Remember who fed you?

Culinary writer Rushina Munshaw Ghildiyal’s book A Pinch Of This, A Handful of That is as much a collection of recipes as it is of memories of people who made those dishes

March 14, 2014 07:29 pm | Updated May 19, 2016 08:43 am IST - Bangalore

BREWING OF THE BOOK: Rushina has culled recipes from her grandmother, friend, bhabhi, the family cook and others. Photo: Sampath Kumar G.P.

BREWING OF THE BOOK: Rushina has culled recipes from her grandmother, friend, bhabhi, the family cook and others. Photo: Sampath Kumar G.P.

Food is not always just about just food. It’s about taste and the memories those tastes induce of people who whipped up those delicacies for you, or taught you how to make those dishes.

When Mumbai-based food blogger-consultant Rushina Munshaw Ghildiyal dishes out recipes of Pinky’s Carrot Cake, Neelu Bhabhi’s Chole Bhature, Nani’s Date Cake, Kalyan’s Doi Posto Elish, Yasmin’s Bohri Chana Bateta…you go to these recipes because they are the more personalised ones. Which is why her book is called A Pinch of This, A Handful of That (Westland, Rs. 595).

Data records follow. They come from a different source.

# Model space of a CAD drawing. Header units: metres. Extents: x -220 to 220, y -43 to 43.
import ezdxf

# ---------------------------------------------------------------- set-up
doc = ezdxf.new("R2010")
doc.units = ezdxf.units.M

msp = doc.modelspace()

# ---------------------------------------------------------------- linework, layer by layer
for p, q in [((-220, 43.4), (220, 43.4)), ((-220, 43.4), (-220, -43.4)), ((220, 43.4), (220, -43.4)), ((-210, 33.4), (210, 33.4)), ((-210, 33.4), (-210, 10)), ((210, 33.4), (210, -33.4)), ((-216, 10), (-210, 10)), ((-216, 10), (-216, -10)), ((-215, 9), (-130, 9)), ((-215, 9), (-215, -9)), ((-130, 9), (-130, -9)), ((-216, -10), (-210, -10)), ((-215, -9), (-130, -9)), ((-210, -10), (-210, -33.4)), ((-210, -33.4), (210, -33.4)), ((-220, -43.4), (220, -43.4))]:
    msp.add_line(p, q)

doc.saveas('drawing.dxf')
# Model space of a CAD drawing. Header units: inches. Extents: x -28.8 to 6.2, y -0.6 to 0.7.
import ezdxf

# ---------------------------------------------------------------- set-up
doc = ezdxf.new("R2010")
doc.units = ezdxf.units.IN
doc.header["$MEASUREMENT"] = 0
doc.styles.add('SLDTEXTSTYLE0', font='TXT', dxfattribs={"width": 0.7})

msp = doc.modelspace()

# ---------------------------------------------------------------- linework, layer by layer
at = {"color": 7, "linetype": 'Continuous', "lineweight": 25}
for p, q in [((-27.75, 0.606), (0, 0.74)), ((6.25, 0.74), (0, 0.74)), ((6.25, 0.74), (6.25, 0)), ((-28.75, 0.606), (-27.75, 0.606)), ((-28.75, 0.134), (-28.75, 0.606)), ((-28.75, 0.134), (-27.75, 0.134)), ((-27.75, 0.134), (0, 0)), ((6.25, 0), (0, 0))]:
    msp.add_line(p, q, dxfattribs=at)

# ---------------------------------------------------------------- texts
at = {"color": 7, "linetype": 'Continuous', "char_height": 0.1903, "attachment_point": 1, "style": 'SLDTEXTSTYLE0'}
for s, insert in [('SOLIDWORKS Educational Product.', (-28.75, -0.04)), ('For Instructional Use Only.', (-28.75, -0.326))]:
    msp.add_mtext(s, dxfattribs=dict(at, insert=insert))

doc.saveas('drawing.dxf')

“We spend so much time raving about food that we eat out. But what about the men and women who nurtured us in our growing years? How many times do we tell them their food was great? I hope people will celebrate food in their own families first,” says the cherubic Rushina, in Bangalore for the launch of her book.

The whole idea of the book started brewing when a friend started talking about what makes us like what we eat.

What will I cook today?

“This is the kind of book you can pick up on a day you’re wondering ‘aaj kya banaayenge?’. It doesn’t have food from any one country or any one region, or any one kind.”

“My nani could put things together very well, and I think I get that ability from her – to understand and ingredient and push its parameters. The important thing is to respect an ingredient and then take away from it,” says Rushina. “I can understand what’s gone into a dish and I can replicate it.” She does play around with ingredients, has trials and errors aplenty – “I’ve made Kafir lime tadka in daal, I do a citrus marmalade with five citrus fruits and a hint of Thai chilli,” she smiles.

“There’s no method to the madness of what I cook at home every day. For a whole year I was obsessed with Thai cooking and cooked only Thai! It drove my husband mad,” she grins.

Rushina’s family culinary inheritance is pretty cosmic too — her mother is a Kutchi Bhatia, her father a Gujarati Vasihnav and her husband is a Garhwali — and it reflects in the span of her book.

From a pasta to a pickle, a daag cury base, to a sev tameta nu shaaka, rice paper rolls with crab and fenugreek, pomegranate mousse to puran poli… Does she fuse styles?

“Food is a living thing, and Indian cuisine has always been fusing and evolving,” she stresses. She is happy to ask for recipes, “I’ll even ask the taxi driver for a recipe!” she laughs. She recalls eating a delicious chicken sandwich based on a recommendation that a Sydney bus driver gave her.

Even the Maharaj (cook) in their house has been with the family around 30 years and Rushina says he’s a repository of the family’s recipes.

“My daadi wasn’t a great cook…but she was a prolific pickler. And at some point she used to make up to 90 pickles during the course of the year, depending on what was in season. I love making jams and pickles… my jam is art; I used to be an artist till my son was born,” says the 37-year-old Rushina.

She also laments that we don’t use local food enough – green peppercorns are seasonally available and both Gujaratis and south Indians have a tradition of pickling it, she points out. Yet most people prefer to buy the pickled in brine generic variety at supermarkets.

Her home-kitchen studio, the APB Cook Studio sees her conduct classes that have been attended by kids as young as five, and men as old as 70. She specially conducts cooking classes for young adolescents, who, she believes, must learn to make the right choice about the food they eat. “Once they learn to cook, and know what goes into their food, they will learn.”

She hopes more young adults will flock to her studio, though. The largest demographic of her students is between 25 and 40, she observes. “We are a family oriented-country. Our previous generation had it in them to give others what they liked and needed to eat,” she says quite generously and thankfully.

At the Bangalore launch, it was the memories, the anecdotes, fellow food bloggers, and the people who mattered in her life who flocked to the discussion on “culinary souvenirs” that she had with celebrity chef Manu Chandra.

Even her desk-mate from school came to connect with her after many years.